> _DATA IN THIS EXERCISE_:
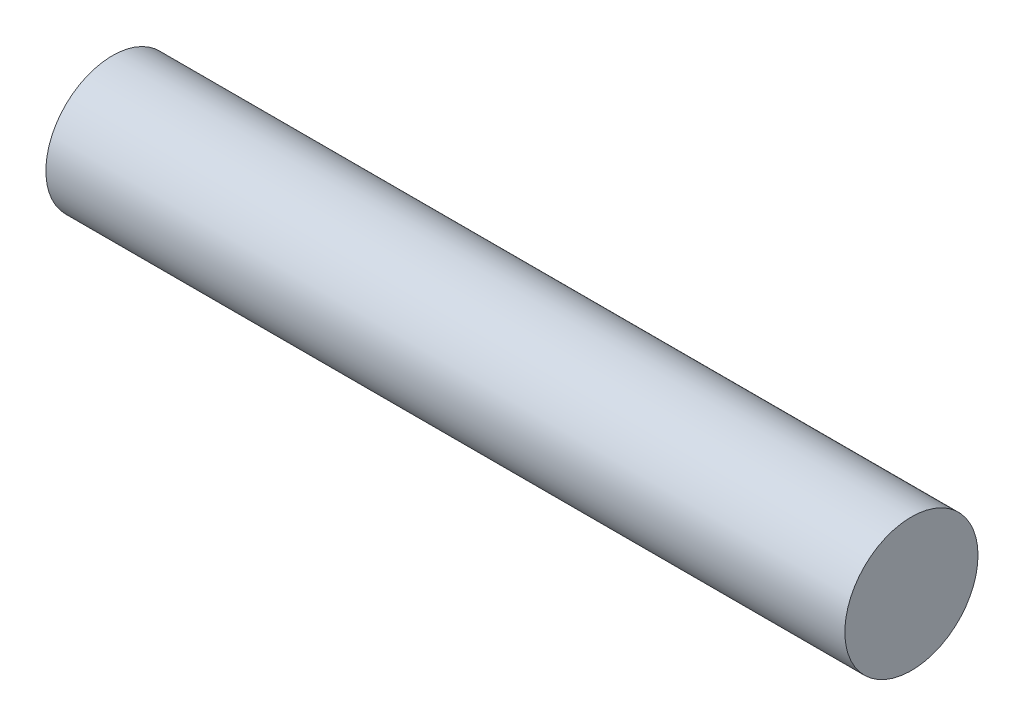
ISO-10303-21;
HEADER;
FILE_DESCRIPTION(('STEP AP214'),'2;1');
FILE_NAME('part.step','',(''),(''),'','','');
FILE_SCHEMA(('AUTOMOTIVE_DESIGN { 1 0 10303 214 1 1 1 1 }'));
ENDSEC;
DATA;
#1=APPLICATION_CONTEXT('core data for automotive mechanical design processes');
#2=APPLICATION_PROTOCOL_DEFINITION('international standard','automotive_design',2000,#1);
#3=PRODUCT_CONTEXT('',#1,'mechanical');
#4=PRODUCT('Part','Part','',(#3));
#5=PRODUCT_RELATED_PRODUCT_CATEGORY('part','',(#4));
#6=PRODUCT_DEFINITION_FORMATION('','',#4);
#7=PRODUCT_DEFINITION_CONTEXT('part definition',#1,'design');
#8=PRODUCT_DEFINITION('design','',#6,#7);
#9=PRODUCT_DEFINITION_SHAPE('','',#8);
#10=(LENGTH_UNIT() NAMED_UNIT(*) SI_UNIT(.MILLI.,.METRE.));
#11=(NAMED_UNIT(*) PLANE_ANGLE_UNIT() SI_UNIT($,.RADIAN.));
#12=(NAMED_UNIT(*) SI_UNIT($,.STERADIAN.) SOLID_ANGLE_UNIT());
#13=UNCERTAINTY_MEASURE_WITH_UNIT(LENGTH_MEASURE(1.E-05),#10,'distance_accuracy_value','');
#14=(GEOMETRIC_REPRESENTATION_CONTEXT(3) GLOBAL_UNCERTAINTY_ASSIGNED_CONTEXT((#13)) GLOBAL_UNIT_ASSIGNED_CONTEXT((#10,
#11,#12)) REPRESENTATION_CONTEXT('',''));
#15=CARTESIAN_POINT('',(0.,0.,0.));
#16=DIRECTION('',(0.,0.,1.));
#17=DIRECTION('',(1.,0.,0.));
#18=AXIS2_PLACEMENT_3D('',#15,#16,#17);
#19=CARTESIAN_POINT('',(-180.,0.,0.));
#20=DIRECTION('',(1.,0.,0.));
#21=DIRECTION('',(0.,0.,-1.));
#22=AXIS2_PLACEMENT_3D('',#19,#20,#21);
#23=CYLINDRICAL_SURFACE('',#22,15.);
#24=CARTESIAN_POINT('',(-180.,0.,0.));
#25=DIRECTION('',(1.,0.,0.));
#26=DIRECTION('',(0.,0.,-1.));
#27=AXIS2_PLACEMENT_3D('',#24,#25,#26);
#28=CIRCLE('',#27,15.);
#29=CARTESIAN_POINT('',(-180.,0.,-15.));
#30=VERTEX_POINT('',#29);
#31=EDGE_CURVE('E10',#30,#30,#28,.T.);
#32=CARTESIAN_POINT('',(0.,0.,0.));
#33=DIRECTION('',(1.,0.,0.));
#34=DIRECTION('',(0.,0.,-1.));
#35=AXIS2_PLACEMENT_3D('',#32,#33,#34);
#36=CIRCLE('',#35,15.);
#37=CARTESIAN_POINT('',(0.,0.,-15.));
#38=VERTEX_POINT('',#37);
#39=EDGE_CURVE('E34',#38,#38,#36,.T.);
#40=CARTESIAN_POINT('',(-180.,0.,-15.));
#41=CARTESIAN_POINT('',(-178.125,0.,-15.));
#42=CARTESIAN_POINT('',(-176.25,0.,-15.));
#43=CARTESIAN_POINT('',(-172.5,0.,-15.));
#44=CARTESIAN_POINT('',(-170.625,0.,-15.));
#45=CARTESIAN_POINT('',(-166.875,0.,-15.));
#46=CARTESIAN_POINT('',(-165.,0.,-15.));
#47=CARTESIAN_POINT('',(-161.25,0.,-15.));
#48=CARTESIAN_POINT('',(-159.375,0.,-15.));
#49=CARTESIAN_POINT('',(-155.625,0.,-15.));
#50=CARTESIAN_POINT('',(-153.75,0.,-15.));
#51=CARTESIAN_POINT('',(-150.,0.,-15.));
#52=CARTESIAN_POINT('',(-148.125,0.,-15.));
#53=CARTESIAN_POINT('',(-144.375,0.,-15.));
#54=CARTESIAN_POINT('',(-142.5,0.,-15.));
#55=CARTESIAN_POINT('',(-138.75,0.,-15.));
#56=CARTESIAN_POINT('',(-136.875,0.,-15.));
#57=CARTESIAN_POINT('',(-133.125,0.,-15.));
#58=CARTESIAN_POINT('',(-131.25,0.,-15.));
#59=CARTESIAN_POINT('',(-127.5,0.,-15.));
#60=CARTESIAN_POINT('',(-125.625,0.,-15.));
#61=CARTESIAN_POINT('',(-121.875,0.,-15.));
#62=CARTESIAN_POINT('',(-120.,0.,-15.));
#63=CARTESIAN_POINT('',(-116.25,0.,-15.));
#64=CARTESIAN_POINT('',(-114.375,0.,-15.));
#65=CARTESIAN_POINT('',(-110.625,0.,-15.));
#66=CARTESIAN_POINT('',(-108.75,0.,-15.));
#67=CARTESIAN_POINT('',(-105.,0.,-15.));
#68=CARTESIAN_POINT('',(-103.125,0.,-15.));
#69=CARTESIAN_POINT('',(-99.375,0.,-15.));
#70=CARTESIAN_POINT('',(-97.5,0.,-15.));
#71=CARTESIAN_POINT('',(-93.75,0.,-15.));
#72=CARTESIAN_POINT('',(-91.875,0.,-15.));
#73=CARTESIAN_POINT('',(-88.125,0.,-15.));
#74=CARTESIAN_POINT('',(-86.25,0.,-15.));
#75=CARTESIAN_POINT('',(-82.5,0.,-15.));
#76=CARTESIAN_POINT('',(-80.625,0.,-15.));
#77=CARTESIAN_POINT('',(-76.875,0.,-15.));
#78=CARTESIAN_POINT('',(-75.,0.,-15.));
#79=CARTESIAN_POINT('',(-71.25,0.,-15.));
#80=CARTESIAN_POINT('',(-69.375,0.,-15.));
#81=CARTESIAN_POINT('',(-65.625,0.,-15.));
#82=CARTESIAN_POINT('',(-63.75,0.,-15.));
#83=CARTESIAN_POINT('',(-60.,0.,-15.));
#84=CARTESIAN_POINT('',(-58.125,0.,-15.));
#85=CARTESIAN_POINT('',(-54.375,0.,-15.));
#86=CARTESIAN_POINT('',(-52.5,0.,-15.));
#87=CARTESIAN_POINT('',(-48.75,0.,-15.));
#88=CARTESIAN_POINT('',(-46.875,0.,-15.));
#89=CARTESIAN_POINT('',(-43.125,0.,-15.));
#90=CARTESIAN_POINT('',(-41.25,0.,-15.));
#91=CARTESIAN_POINT('',(-37.5,0.,-15.));
#92=CARTESIAN_POINT('',(-35.625,0.,-15.));
#93=CARTESIAN_POINT('',(-31.875,0.,-15.));
#94=CARTESIAN_POINT('',(-30.,0.,-15.));
#95=CARTESIAN_POINT('',(-26.25,0.,-15.));
#96=CARTESIAN_POINT('',(-24.375,0.,-15.));
#97=CARTESIAN_POINT('',(-20.625,0.,-15.));
#98=CARTESIAN_POINT('',(-18.75,0.,-15.));
#99=CARTESIAN_POINT('',(-15.,0.,-15.));
#100=CARTESIAN_POINT('',(-13.125,0.,-15.));
#101=CARTESIAN_POINT('',(-9.37500000000003,0.,-15.));
#102=CARTESIAN_POINT('',(-7.50000000000002,0.,-15.));
#103=CARTESIAN_POINT('',(-3.75000000000002,0.,-15.));
#104=CARTESIAN_POINT('',(-1.87500000000003,0.,-15.));
#105=CARTESIAN_POINT('',(0.,0.,-15.));
#106=B_SPLINE_CURVE_WITH_KNOTS('',3,(#40,#41,#42,#43,#44,#45,#46,#47,#48,#49,#50,#51,#52,#53,
#54,#55,#56,#57,#58,#59,#60,#61,#62,#63,#64,#65,#66,#67,#68,#69,#70,#71,#72,#73,#74,#75,#76,#77,
#78,#79,#80,#81,#82,#83,#84,#85,#86,#87,#88,#89,#90,#91,#92,#93,#94,#95,#96,#97,#98,#99,#100,
#101,#102,#103,#104,#105),.UNSPECIFIED.,.F.,.F.,(4,2,2,2,2,2,2,2,2,2,2,2,2,2,2,2,2,2,2,2,2,2,2,
2,2,2,2,2,2,2,2,2,4),(0.,5.62499999999999,11.25,16.875,22.5,28.125,33.75,39.375,45.,50.625,
56.25,61.875,67.5,73.125,78.75,84.375,90.,95.625,101.25,106.875,112.5,118.125,123.75,129.375,
135.,140.625,146.25,151.875,157.5,163.125,168.75,174.375,180.),.UNSPECIFIED.);
#107=EDGE_CURVE('BSEAM31',#30,#38,#106,.T.);
#108=ORIENTED_EDGE('',*,*,#31,.T.);
#109=ORIENTED_EDGE('',*,*,#39,.F.);
#110=ORIENTED_EDGE('',*,*,#107,.T.);
#111=ORIENTED_EDGE('',*,*,#107,.F.);
#112=EDGE_LOOP('',(#108,#110,#109,#111));
#113=FACE_BOUND('',#112,.T.);
#114=ADVANCED_FACE('F31',(#113),#23,.T.);
#115=CARTESIAN_POINT('',(-180.,0.,0.));
#116=DIRECTION('',(1.,0.,0.));
#117=DIRECTION('',(0.,0.,-1.));
#118=AXIS2_PLACEMENT_3D('',#115,#116,#117);
#119=PLANE('',#118);
#120=ORIENTED_EDGE('',*,*,#31,.F.);
#121=EDGE_LOOP('',(#120));
#122=FACE_BOUND('',#121,.T.);
#123=ADVANCED_FACE('F46',(#122),#119,.F.);
#124=CARTESIAN_POINT('',(0.,0.,0.));
#125=DIRECTION('',(1.,0.,0.));
#126=DIRECTION('',(0.,0.,-1.));
#127=AXIS2_PLACEMENT_3D('',#124,#125,#126);
#128=PLANE('',#127);
#129=ORIENTED_EDGE('',*,*,#39,.T.);
#130=EDGE_LOOP('',(#129));
#131=FACE_BOUND('',#130,.T.);
#132=ADVANCED_FACE('F43',(#131),#128,.T.);
#133=CLOSED_SHELL('',(#114,#123,#132));
#134=MANIFOLD_SOLID_BREP('B2',#133);
#135=ADVANCED_BREP_SHAPE_REPRESENTATION('',(#18,#134),#14);
#136=SHAPE_DEFINITION_REPRESENTATION(#9,#135);
ENDSEC;
END-ISO-10303-21;

> _PROBLEM STATEMENT_: From the material above, set down exactly the lines between the line holding "#16=DIRECTION('',(0.,0.,1.));" and the line holding "#35=AXIS2_PLACEMENT_3D('',#32,#33,#34);", inclusive. Include nothing else.

> _EXERCISE RESULT_:
#16=DIRECTION('',(0.,0.,1.));
#17=DIRECTION('',(1.,0.,0.));
#18=AXIS2_PLACEMENT_3D('',#15,#16,#17);
#19=CARTESIAN_POINT('',(-180.,0.,0.));
#20=DIRECTION('',(1.,0.,0.));
#21=DIRECTION('',(0.,0.,-1.));
#22=AXIS2_PLACEMENT_3D('',#19,#20,#21);
#23=CYLINDRICAL_SURFACE('',#22,15.);
#24=CARTESIAN_POINT('',(-180.,0.,0.));
#25=DIRECTION('',(1.,0.,0.));
#26=DIRECTION('',(0.,0.,-1.));
#27=AXIS2_PLACEMENT_3D('',#24,#25,#26);
#28=CIRCLE('',#27,15.);
#29=CARTESIAN_POINT('',(-180.,0.,-15.));
#30=VERTEX_POINT('',#29);
#31=EDGE_CURVE('E10',#30,#30,#28,.T.);
#32=CARTESIAN_POINT('',(0.,0.,0.));
#33=DIRECTION('',(1.,0.,0.));
#34=DIRECTION('',(0.,0.,-1.));
#35=AXIS2_PLACEMENT_3D('',#32,#33,#34);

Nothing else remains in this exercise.